Tizen will see its first release, along with a software development kit, in the first quarter of 2012, with devices based on the platform due in the middle of the year. The plan is to see the new platform used on smartphones, tablets, smart TVs, netbooks and in-vehicle infotainment systems.

Tizen will combine the best of MeeGo and LiMo while adding a standards-based HTML 5 and WAC web-development environment that allows the creation of device-independent apps, the Linux and LiMo Foundations said in a joint statement. It will come with a "state-of-the-art" reference user interface that manufacturers and operators can customise as they wish, they said.

"The Linux Foundation is pleased to host the Tizen platform," Jim Zemlin, executive director of the Foundation, said in the statement. "Open-source platforms such as Tizen are good for Linux, as they further its adoption across device categories. We look forward to collaborating with the LiMo Foundation and its members on this project."

Short-lived MeeGo

MeeGo appeared in February 2010 as a hybrid of Intel's Moblin and Nokia's Maemo, aimed at mobile phones, tablets, connected TVs and other devices. However, one year later Nokia went into partnership with Microsoft, saying it planned to phase out Symbian and release just one MeeGo handset, the N9.

Open-source platforms such as Tizen are good for Linux, as they further its adoption across device categories.
– Jim Zemlin, Linux Foundation

The N9 has only seen very limited release, and people in key markets such as the US and western Europe did not get a chance to play with a device that impressed reviewers despite its one-off nature. Nokia told ZDNet UK on Wednesday that it would "provide support for the Nokia N9 until at least 2015, including software updates, care and services support", but declined to say whether the smartphone would upgraded to run Tizen.

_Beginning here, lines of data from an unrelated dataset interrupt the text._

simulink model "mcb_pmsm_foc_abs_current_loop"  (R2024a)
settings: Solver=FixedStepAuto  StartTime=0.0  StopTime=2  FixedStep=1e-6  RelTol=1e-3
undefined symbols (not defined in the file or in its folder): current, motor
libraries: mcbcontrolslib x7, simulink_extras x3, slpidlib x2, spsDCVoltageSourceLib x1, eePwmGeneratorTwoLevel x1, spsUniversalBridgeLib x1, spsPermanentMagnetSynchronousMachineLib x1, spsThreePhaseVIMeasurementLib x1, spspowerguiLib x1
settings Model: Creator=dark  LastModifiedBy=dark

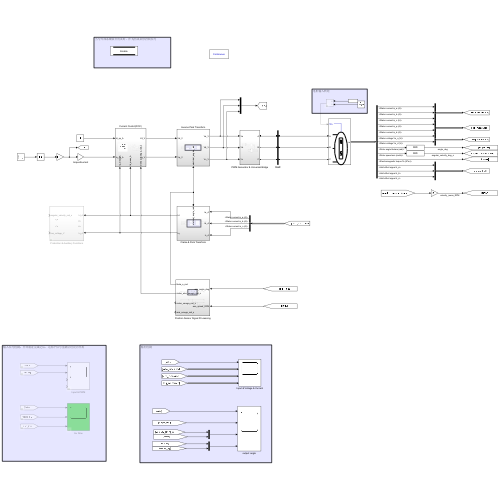
[thumbnail: Simulink's stored preview of the top-level diagram]
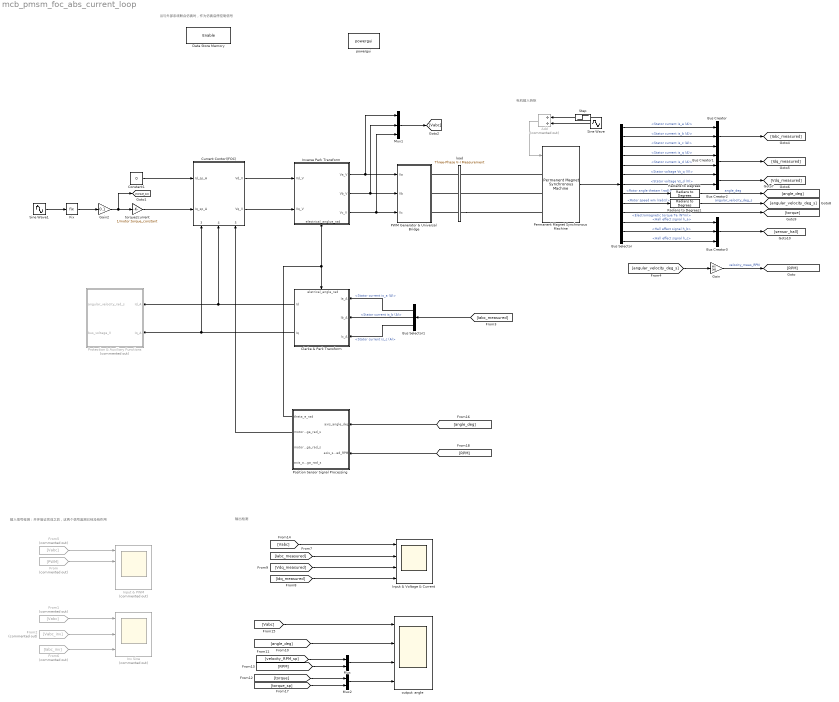
== system mcb_pmsm_foc_abs_current_loop ==
  note: 电机输入转矩
  note: 当与外部系统联合仿真时，作为仿真启停控制信号
  note: 输出检测
  note: 输入信号检测：开环验证完成之后，这两个信号监测已经没有作用
  Add : Sum  Commented=on
  Bus Creator : BusCreator  Inputs=3
  Bus Creator1 : BusCreator  Inputs=2
  Bus Creator2 : BusCreator  Inputs=2
  Bus Creator3 : BusCreator  Inputs=3
  Bus Selector : BusSelector  OutputSignals=Stator current is_a (A),Stator current is_b (A),Stator current is_c (A),Stator current is_q (A),Stator current is_d (A),Stator voltage Vs_q (V),Stator voltage Vs_d (V),Rotor angle thetam (rad),Rotor speed wm (rad/s),Electromagnetic torque Te (N*m),Hall effect signal h_a,Hall effect signal h_b,Hall effect signal h_c
  Bus Selector1 : BusSelector  OutputSignals=Stator current is_a (A),Stator current is_b (A),Stator current is_c (A)
  Clarke & Park Transform : Subsystem
      settings: PortSchema="{\"entries\":[{\"content\":{\"sides\":[{\"content\":{\"connectorIds\":[\"Out1\",\"Out2\"]},\"type\":\"ConnectorPlacement.EquallySpacedRectSide\",\"uuid\":\"8f5ea7de-e3a5-4729-b10e-8648bf1336c0\"},{\"content\":{\"connectorIds\":[\"In2\",\"In3\",\"In4\"],\"side\":\"RIGHT\"},\"type\":\"ConnectorPlacement.EquallySpacedRectSide\",\"uuid\":\"bbc5fc22-58ea-4d3d-90f4-5c6a0078be5c\"},{\"content\":{\"connectorIds\":[\"In1\"],\"side\":\"TOP\"},\"type\":\"ConnectorPlacement.EquallySpacedRectSide\",\"uuid\":\"61ad1e16-6f66-442a-8711-29b4040ed318\"}]},\"type\":\"ConnectorPlacement.EquallySpacedConnector\",\"uuid\":\"7625cfb7-138f-4210-9cc7-b054236901ec\"}],\"packageUris\":[\"http://schema.mathworks.com/mf0/Connector/R2020b\"],\"version\":\"1.0\"}"
  Constant1 : Constant  Value=0
  Current Contorl(FOC) : Subsystem
      settings: PortSchema="{\"entries\":[{\"content\":{\"sides\":[{\"content\":{\"connectorIds\":[\"In1\",\"In2\"]},\"type\":\"ConnectorPlacement.EquallySpacedRectSide\",\"uuid\":\"8f5ea7de-e3a5-4729-b10e-8648bf1336c0\"},{\"content\":{\"connectorIds\":[\"Out1\",\"Out2\"],\"side\":\"RIGHT\"},\"type\":\"ConnectorPlacement.EquallySpacedRectSide\",\"uuid\":\"bbc5fc22-58ea-4d3d-90f4-5c6a0078be5c\"},{\"content\":{\"side\":\"TOP\"},\"type\":\"ConnectorPlacement.EquallySpacedRectSide\",\"uuid\":\"61ad1e16-6f66-442a-8711-29b4040ed318\"},{\"content\":{\"connectorIds\":[\"In3\",\"In4\",\"In5\"],\"side\":\"BOTTOM\"},\"type\":\"ConnectorPlacement.EquallySpacedRectSide\",\"uuid\":\"11568d81-d3e5-4cf0-a61c-40e52990d6e7\"}]},\"type\":\"ConnectorPlacement.EquallySpacedConnector\",\"uuid\":\"7625cfb7-138f-4210-9cc7-b054236901ec\"}],\"packageUris\":[\"http://schema.mathworks.com/mf0/Connector/R2020b\"],\"version\":\"1.0\"}"
  Data Store Memory : DataStoreMemory  DataStoreName=Enable  WriteAfterWriteMsg=warning  InitialValue=1  ShowAdditionalParam=off  OutDataTypeStr=boolean
  Fix : Rounding  Operator=fix
  From : From  Commented=on  GotoTag=PWM
  From1 : From  Commented=on  GotoTag=Vabc
  From2 : From  Commented=on  GotoTag=Vabc_inv  TagVisibility=global
  From5 : From  Commented=on  GotoTag=Vabc
  From6 : From  Commented=on  GotoTag=Iabc_inv  TagVisibility=global
  Gain : Gain  Gain=60 / 360
  Gain2 : Gain  Gain=0.1
  Input & PWM : Scope  Commented=on  NumInputPorts=4
  Input & Voltage & Current : Scope  NumInputPorts=4
  Inv Sine : Scope  Commented=on  NumInputPorts=3
  Inverse Park Transform : Subsystem
      settings: PortSchema="{\"entries\":[{\"content\":{\"sides\":[{\"content\":{\"connectorIds\":[\"In1\",\"In2\"]},\"type\":\"ConnectorPlacement.EquallySpacedRectSide\",\"uuid\":\"a02395ac-75c0-4856-959c-e255f60cf021\"},{\"content\":{\"connectorIds\":[\"Out1\",\"Out2\",\"Out3\"],\"side\":\"RIGHT\"},\"type\":\"ConnectorPlacement.EquallySpacedRectSide\",\"uuid\":\"9eafc65f-7434-4d14-b216-6fa625ac6e03\"},{\"content\":{\"side\":\"TOP\"},\"type\":\"ConnectorPlacement.EquallySpacedRectSide\",\"uuid\":\"619f9ca2-00b2-4830-addc-46008419189b\"},{\"content\":{\"connectorIds\":[\"In3\"],\"side\":\"BOTTOM\"},\"type\":\"ConnectorPlacement.EquallySpacedRectSide\",\"uuid\":\"9a5dc0ea-6fa9-4e2d-93f5-5e384ac5faa7\"}]},\"type\":\"ConnectorPlacement.EquallySpacedConnector\",\"uuid\":\"2cf4530c-aae1-4e2c-824f-90ca12c00a06\"}],\"packageUris\":[\"http://schema.mathworks.com/mf0/Connector/R2020b\"],\"version\":\"1.0\"}"
  Mux : Mux  Inputs=2
  Mux1 : Mux  Inputs=3
  Mux2 : Mux  Inputs=2
  PWM Generator & Universal Bridge : Subsystem
  Permanent Magnet Synchronous Machine : spsPermanentMagnetSynchronousMachineLib/Permanent Magnet Synchronous Machine  NbPhases=3  FluxDistribution=Sinusoidal  RotorType=Salient-pole  MechanicalLoad=Torque Tm  PresetModel=No  ShowDetailedParameters=on  MeasurementBus=off  Resistance=motor.phase_resistance  Inductance=8.5e-3  dqInductances=[motor.phase_inductance, motor.phase_inductance]  La=0.000395  MachineConstant=Torque Constant (N.m / A_peak)  Flux=0.0078901  VoltageCst=7.1555  TorqueCst=motor.torque_constant  Flat=120  Mechanical=[motor.inertia motor.friction_damping_factor motor.pole_pairs 0]  PolePairs=4  InitialConditions=[0,0, 0,0]  InitialConditions5ph=[0 0 0 0 0 0]  RefAngle=Aligned with phase A axis (original Park)  IterativeDiscreteModel=Trapezoidal non iterative  TsBlock=-1  TsPowergui=0
  Position Sensor Signal Processing : Subsystem
      settings: PortSchema="{\"entries\":[{\"content\":{\"sides\":[{\"content\":{\"connectorIds\":[\"Out1\",\"Out2\",\"Out3\",\"Out4\"]},\"type\":\"ConnectorPlacement.EquallySpacedRectSide\",\"uuid\":\"fa7647be-1c66-4470-a30c-b3ca7d023db7\"},{\"content\":{\"connectorIds\":[\"In1\",\"In2\"],\"side\":\"RIGHT\"},\"type\":\"ConnectorPlacement.EquallySpacedRectSide\",\"uuid\":\"1ad87a77-5065-44e2-877c-562c1ba61661\"},{\"content\":{\"side\":\"TOP\"},\"type\":\"ConnectorPlacement.EquallySpacedRectSide\",\"uuid\":\"cb7afcba-6dc8-40ee-b8e6-8d1e642ae95d\"}]},\"type\":\"ConnectorPlacement.EquallySpacedConnector\",\"uuid\":\"59faac42-ead8-4d3d-a16a-460d437d8ea5\"}],\"packageUris\":[\"http://schema.mathworks.com/mf0/Connector/R2020b\"],\"version\":\"1.0\"}"
  Protection & Auxiliary Functions : Subsystem  Commented=on
      settings: PortSchema="{\"entries\":[{\"content\":{\"sides\":[{\"content\":{\"connectorIds\":[\"In1\",\"In2\"]},\"type\":\"ConnectorPlacement.EquallySpacedRectSide\",\"uuid\":\"7b4d6b93-1ce9-4e0c-abad-a47a6899df6c\"},{\"content\":{\"connectorIds\":[\"In3\",\"In4\"],\"side\":\"RIGHT\"},\"type\":\"ConnectorPlacement.EquallySpacedRectSide\",\"uuid\":\"d4cf6bf2-fc47-46ce-a267-e5931389b5f3\"},{\"content\":{\"side\":\"TOP\"},\"type\":\"ConnectorPlacement.EquallySpacedRectSide\",\"uuid\":\"5d917ce9-fbe2-4b0c-8b11-30f3f5ab2e3d\"}]},\"type\":\"ConnectorPlacement.EquallySpacedConnector\",\"uuid\":\"7aed4540-46f4-4bb4-951a-5ed091990878\"}],\"packageUris\":[\"http://schema.mathworks.com/mf0/Connector/R2020b\"],\"version\":\"1.0\"}"
  Radians to Degrees : simulink_extras/Transformations/Radians to Degrees
  Radians to Degrees1 : simulink_extras/Transformations/Radians to Degrees
  Sine Wave : Sin  Amplitude=0.1  Frequency=2*pi*10  SampleTime=0
  Sine Wave1 : Sin  Amplitude=2  Frequency=2*pi*10  SampleTime=0
  Step : Step  Time=0.2  After=0.05  SampleTime=0
  load : spsThreePhaseVIMeasurementLib/Three-Phase V-I Measurement  VoltageMeasurement=phase-to-phase  SetLabelV=on  LabelV=Vabc_inv  Vpu=off  VpuLL=off  CurrentMeasurement=yes  SetLabelI=on  LabelI=Iabc_inv  Ipu=off  Pbase=1e3  Vbase=380  OutputType=Magnitude  PhasorSimulation=off  PSBequivalent=0
  output: angle : Scope  NumInputPorts=4
  powergui : spspowerguiLib/powergui  Priority=1  SimulationMode=Continuous  SampleTime=50e-6  frequency=60  Iterations=50  frequencyindice=0  Pbase=100e6  ErrMax=1e-4  UnitsV=kV  UnitsW=MW  buscounter=0  FunctionMessages=off  echomessages=off  EnableUseOfTLC=off  CurrentSourceSwitches=off  DisableSnubberDevices=off  DisableRonSwitches=off  DisableVfSwitches=off  DisplayEquations=off  AutomaticDiscreteSolvers=off  SolverType=Tustin/Backward Euler (TBE)  Interpol=off  ExternalGateDelay=off  methode=off  Ts=100  x0status=blocks  SPID=on  SwTol=0  HookPort=off  NonlinearTolerance=1e-4  nMaxIteration=100  ContinueOnMaxIteration=off  RestoreLinks=warning  ResistiveCurrentMeasurement=off  Frange=[0:2:500]  Ylog=off  Xlog=on  ShowGrid=off  save=off  variable=ZData  structure=0  ZoomFFT=off  StartTime=0.0  cycles=1  DisplayStyle=1  fundamental=60  FreqAxis=off  MaxFrequency=1000  frequencyindicesteady=1  RmsSteady=1  display=off
  torque2current : Gain  Gain=1/motor.torque_constant
  wires:
  Permanent Magnet Synchronous Machine/1 -> Bus Selector/1
  Bus Selector/1 -> Bus Creator/1  "<Stator current is_a (A)>"
  Bus Selector/2 -> Bus Creator/2  "<Stator current is_b (A)>"
  Bus Selector/3 -> Bus Creator/3  "<Stator current is_c (A)>"
  From1/1 -> Inv Sine/1
  From6/1 -> Inv Sine/3
  From2/1 -> Inv Sine/2
  Bus Creator/1 -> [Iabc_measured]
  Bus Selector/4 -> Bus Creator1/1  "<Stator current is_q (A)>"
  Bus Selector/5 -> Bus Creator1/2  "<Stator current is_d (A)>"
  Bus Creator1/1 -> [Idq_measured]
  Bus Selector/10 -> [torque]  "<Electromagnetic torque Te (N*m)>"
  Bus Selector/8 -> Radians to Degrees/1  "<Rotor angle thetam (rad)>"
  Bus Selector/9 -> Radians to Degrees1/1  "<Rotor speed wm (rad/s)>"
  Bus Selector/6 -> Bus Creator2/1  "<Stator voltage Vs_q (V)>"
  Bus Selector/7 -> Bus Creator2/2  "<Stator voltage Vs_d (V)>"
  Bus Creator2/1 -> [Vdq_measured]
  Bus Creator3/1 -> [sensor_hall]
  Bus Selector/11 -> Bus Creator3/1  "<Hall effect signal h_a>"
  Bus Selector/12 -> Bus Creator3/2  "<Hall effect signal h_b>"
  Bus Selector/13 -> Bus Creator3/3  "<Hall effect signal h_c>"
  [Idq_measured] -> Input & Voltage & Current/4
  [Vdq_measured] -> Input & Voltage & Current/3
  [Iabc_measured] -> Input & Voltage & Current/2
  [Vabc] -> Input & Voltage & Current/1
  Radians to Degrees/1 -> [angle_deg]  "angle_deg"
  Radians to Degrees1/1 -> [angular_velocity_deg_s]  "angular_velocity_deg_s"
  [angle_deg] -> output: angle/2
  [Vabc] -> output: angle/1
  From5/1 -> Input & PWM/1
  From/1 -> Input & PWM/2
  Add/1 -> Permanent Magnet Synchronous Machine/1
  Step/1 -> Add/1
  Sine Wave/1 -> Add/2
  [angular_velocity_deg_s] -> Gain/1
  Gain/1 -> [RPM]  "velocity_meas_RPM"
  Mux/1 -> output: angle/3
  [velocity_RPM_sp] -> Mux/1
  [RPM] -> Mux/2
  [Iabc_measured] -> Bus Selector1/1
  Bus Selector1/2 -> Clarke & Park Transform/3(Ib_A)  "<Stator current is_b (A)>"
  Bus Selector1/1 -> Clarke & Park Transform/2(Ia_A)  "<Stator current is_a (A)>"
  Bus Selector1/3 -> Clarke & Park Transform/4(Ic_A)  "<Stator current is_c (A)>"
  Current Contorl(FOC)/2(Vq_V) -> Inverse Park Transform/2(Vq_V)
  Current Contorl(FOC)/1(Vd_V) -> Inverse Park Transform/1(Vd_V)
  Inverse Park Transform/3(Vc_V) -> Mux1/3, PWM Generator & Universal Bridge/3(Vc)
  Inverse Park Transform/2(Vb_V) -> Mux1/2, PWM Generator & Universal Bridge/2(Vb)
  Inverse Park Transform/1(Va_V) -> Mux1/1, PWM Generator & Universal Bridge/1(Va)
  Clarke & Park Transform/1(Id) -> Protection & Auxiliary Functions/3(Id_A), Current Contorl(FOC)/4(Id_meas_A)
  Clarke & Park Transform/2(Iq) -> Protection & Auxiliary Functions/4(Iq_A), Current Contorl(FOC)/3(Iq_meas_A)
  Position Sensor Signal Processing/1(theta_e_rad) -> Inverse Park Transform/3(electrical_anglue_rad), Clarke & Park Transform/1(eletrical_angle_rad)
  [RPM] -> Position Sensor Signal Processing/2(axis_speed_RPM)
  [angle_deg] -> Position Sensor Signal Processing/1(axis_angle_deg)
  Constant1/1 -> Current Contorl(FOC)/1(Id_sp_A)
  Mux1/1 -> [Vabc]
  Sine Wave1/1 -> Fix/1
  torque2current/1 -> Current Contorl(FOC)/2(Iq_sp_A)
  Position Sensor Signal Processing/2(motor_elec_omega_rad_s) -> Current Contorl(FOC)/5(eletrical_omega_rad_s)
  Fix/1 -> Gain2/1
  Gain2/1 -> [torque_sp], torque2current/1
  Mux2/1 -> output: angle/4
  [torque] -> Mux2/1
  [torque_sp] -> Mux2/2
  connections:
  load/RConn3 -- Permanent Magnet Synchronous Machine/LConn3
  Permanent Magnet Synchronous Machine/LConn1 -- load/RConn1
  Permanent Magnet Synchronous Machine/LConn2 -- load/RConn2
  load/LConn1 -- PWM Generator & Universal Bridge/RConn1
  load/LConn2 -- PWM Generator & Universal Bridge/RConn2
  load/LConn3 -- PWM Generator & Universal Bridge/RConn3

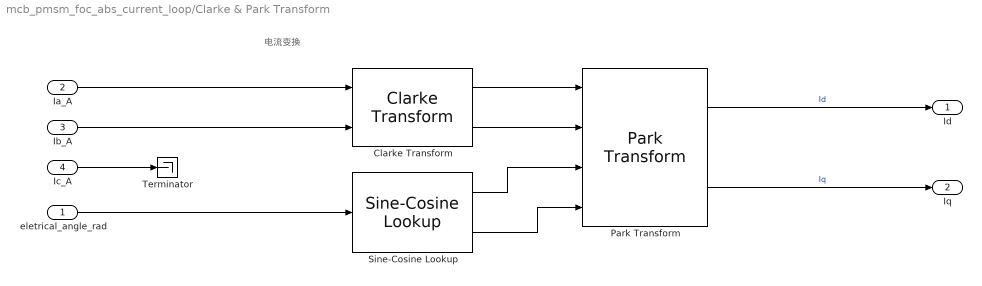
== system mcb_pmsm_foc_abs_current_loop/Clarke & Park Transform ==
  note: 电流变换
  eletrical_angle_rad : Inport
  Ia_A : Inport  Port=2
  Ib_A : Inport  Port=3
  Ic_A : Inport  Port=4
  Clarke Transform : mcbcontrolslib/Clarke Transform  VariantControl=Variant2  PhaseInput=Two inputs  EnPowerInv=off
      settings: LibrarySourceBlock=mcblib/Controls/Math Transforms/Clarke Transform
  Park Transform : mcbcontrolslib/Park Transform  PhaseInput=Two inputs  AxisAlignment=D-axis  ThetaInput=Sine and Cosine electrical position  AngleInput=Per-unit  N_points=1024
      settings: LibrarySourceBlock=mcblib/Controls/Math Transforms/Park Transform
  Sine-Cosine Lookup : mcbcontrolslib/Sine-Cosine Lookup  AngleInput=Radians  N_points=1024  DatatypeInput=Inherit from input  Datatype=single
      settings: LibrarySourceBlock=mcblib/Controls/Math Transforms/Sine-Cosine Lookup
  Terminator : Terminator
  Id : Outport
  Iq : Outport  Port=2
  wires:
  Clarke Transform/1 -> Park Transform/1
  eletrical_angle_rad/1 -> Sine-Cosine Lookup/1
  Clarke Transform/2 -> Park Transform/2
  Sine-Cosine Lookup/2 -> Park Transform/4
  Sine-Cosine Lookup/1 -> Park Transform/3
  Park Transform/1 -> Id/1  "Id"
  Park Transform/2 -> Iq/1  "Iq"
  Ic_A/1 -> Terminator/1
  Ib_A/1 -> Clarke Transform/2
  Ia_A/1 -> Clarke Transform/1

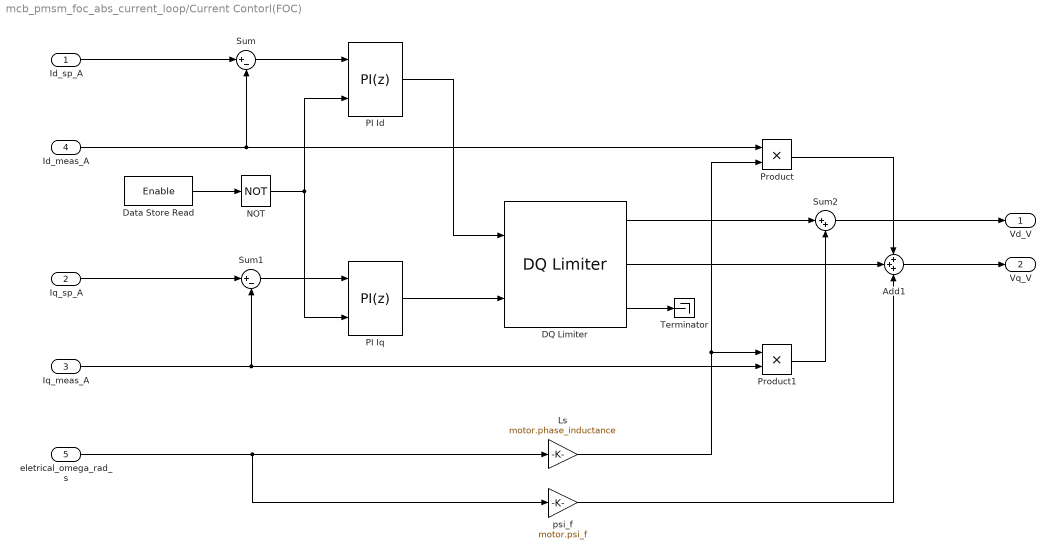
== system mcb_pmsm_foc_abs_current_loop/Current Contorl(FOC) ==
  Id_sp_A : Inport
  Iq_sp_A : Inport  Port=2
  Iq_meas_A : Inport  Port=3
  Id_meas_A : Inport  Port=4
  eletrical_omega_rad_s : Inport  Port=5
  Add1 : Sum  Inputs=+++
  DQ Limiter : mcbcontrolslib/DQ Limiter  satMethodInputType=Specify via dialog  satMethodSelected=D-Q equivalence  satLimitInputType=Specify via dialog  Vmax=24
      settings: LibrarySourceBlock=mcbhdllib/Controls/Control Reference/DQ Limiter
  Data Store Read : DataStoreRead  DataStoreName=Enable  IndexOptions=Index vector (dialog)  Indices=1  OutputSizes=1
  Ls : Gain  Gain=motor.phase_inductance
  NOT : Logic  Operator=NOT  IconShape=distinctive  AllPortsSameDT=off  OutDataTypeStr=boolean
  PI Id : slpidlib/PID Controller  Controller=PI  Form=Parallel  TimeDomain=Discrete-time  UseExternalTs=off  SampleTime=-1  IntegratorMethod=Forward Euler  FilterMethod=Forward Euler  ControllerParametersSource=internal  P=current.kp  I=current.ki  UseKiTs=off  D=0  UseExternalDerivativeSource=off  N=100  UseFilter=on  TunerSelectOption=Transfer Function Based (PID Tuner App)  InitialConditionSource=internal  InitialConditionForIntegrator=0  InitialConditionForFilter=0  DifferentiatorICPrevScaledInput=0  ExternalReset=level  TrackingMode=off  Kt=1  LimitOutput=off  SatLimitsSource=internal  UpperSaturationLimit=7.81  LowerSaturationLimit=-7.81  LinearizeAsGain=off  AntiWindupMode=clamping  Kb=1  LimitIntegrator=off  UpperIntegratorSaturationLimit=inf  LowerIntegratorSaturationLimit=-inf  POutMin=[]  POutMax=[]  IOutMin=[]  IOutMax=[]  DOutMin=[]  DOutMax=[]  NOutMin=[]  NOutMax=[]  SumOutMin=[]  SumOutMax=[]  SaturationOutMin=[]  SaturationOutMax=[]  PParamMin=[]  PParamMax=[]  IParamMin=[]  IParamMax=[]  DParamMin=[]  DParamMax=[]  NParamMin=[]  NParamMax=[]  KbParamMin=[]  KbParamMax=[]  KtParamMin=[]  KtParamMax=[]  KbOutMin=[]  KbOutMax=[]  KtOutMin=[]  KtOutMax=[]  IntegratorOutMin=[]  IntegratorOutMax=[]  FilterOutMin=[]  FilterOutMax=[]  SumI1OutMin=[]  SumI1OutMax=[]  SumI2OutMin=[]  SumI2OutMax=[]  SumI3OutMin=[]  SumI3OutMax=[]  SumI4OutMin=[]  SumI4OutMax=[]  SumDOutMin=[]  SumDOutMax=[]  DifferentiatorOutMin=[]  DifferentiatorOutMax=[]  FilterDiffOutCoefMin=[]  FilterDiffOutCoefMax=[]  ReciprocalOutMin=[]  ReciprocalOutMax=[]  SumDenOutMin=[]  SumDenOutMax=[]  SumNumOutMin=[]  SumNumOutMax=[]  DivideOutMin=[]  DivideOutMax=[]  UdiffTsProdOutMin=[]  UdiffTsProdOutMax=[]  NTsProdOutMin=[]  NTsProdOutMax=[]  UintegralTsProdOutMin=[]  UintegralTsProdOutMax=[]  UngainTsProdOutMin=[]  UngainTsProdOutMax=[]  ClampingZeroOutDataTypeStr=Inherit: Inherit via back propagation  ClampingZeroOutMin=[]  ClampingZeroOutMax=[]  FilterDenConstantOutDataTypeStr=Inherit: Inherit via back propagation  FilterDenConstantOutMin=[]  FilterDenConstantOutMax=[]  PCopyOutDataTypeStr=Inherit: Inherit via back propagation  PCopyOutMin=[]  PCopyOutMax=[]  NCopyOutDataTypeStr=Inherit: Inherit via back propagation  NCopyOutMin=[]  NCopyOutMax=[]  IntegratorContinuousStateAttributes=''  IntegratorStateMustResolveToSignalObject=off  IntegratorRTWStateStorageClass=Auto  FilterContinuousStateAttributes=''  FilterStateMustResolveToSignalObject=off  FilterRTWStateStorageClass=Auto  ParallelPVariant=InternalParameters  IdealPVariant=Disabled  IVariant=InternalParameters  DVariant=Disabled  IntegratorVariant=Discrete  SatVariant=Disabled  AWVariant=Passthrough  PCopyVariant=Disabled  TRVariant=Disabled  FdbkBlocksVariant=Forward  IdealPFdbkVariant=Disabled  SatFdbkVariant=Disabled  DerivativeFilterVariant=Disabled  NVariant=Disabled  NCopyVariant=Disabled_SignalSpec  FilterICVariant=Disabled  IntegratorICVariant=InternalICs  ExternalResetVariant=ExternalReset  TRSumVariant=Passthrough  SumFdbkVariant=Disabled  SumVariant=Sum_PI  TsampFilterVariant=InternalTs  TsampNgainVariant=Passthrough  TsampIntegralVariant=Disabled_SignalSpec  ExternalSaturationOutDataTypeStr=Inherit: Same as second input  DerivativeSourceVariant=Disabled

Intel, which failed to find another major partner to co-develop MeeGo, said on Tuesday that it will support Tizen.

Imad Sousou, the director of Intel's Open Source Technology Center, said in post on the MeeGo blog that Intel had decided not to "evolve" MeeGo because it believed the future "belongs to HTML 5-based applications, outside of a relatively small percentage of apps".

"We are firmly convinced that our investment needs to shift toward HTML 5," Sousou wrote on Tuesday. "Shifting to HTML 5 doesn't just mean slapping a web runtime on an existing Linux, even one aimed at mobile, as MeeGo has been. Emphasising HTML 5 means that APIs not visible to HTML 5 programmers need not be as rigid, and can evolve with platform technology and can vary by market segment."

Sousou conceded that this judgement was one "on which reasonable people could disagree", but he encouraged those who had been involved with MeeGo to jump on board with Tizen.

Enter Tizen

Intel's work on Tizen will not be as project-leading as that on MeeGo, a company spokesman indicated on Wednesday, saying it will be "just one" of its many contributions to various platforms.

"Intel continues to focus on its strategy of providing choice when it comes to operating systems, and we work closely with partners such as Microsoft and Google on Windows and Android respectively, as well as a number of open-source projects," the spokesman said.

The other platform to be superseded by Tizen, LiMo, has had mixed success. It is used on dozens of NEC and Panasonic handsets distributed by the Japanese operator NTT DoCoMo. Outside east Asia, however, only Vodafone dipped its toe into the LiMo water, and not for very long. The operator scrapped its Samsung-made, LiMo-based 360 handset range in July 2010, less than a year after launching it.

In the Tizen statement, LiMo Foundation executive director Morgan Gillis said the new platform is "a well-timed step change which unites major mobile Linux proponents within a renewed ecosystem".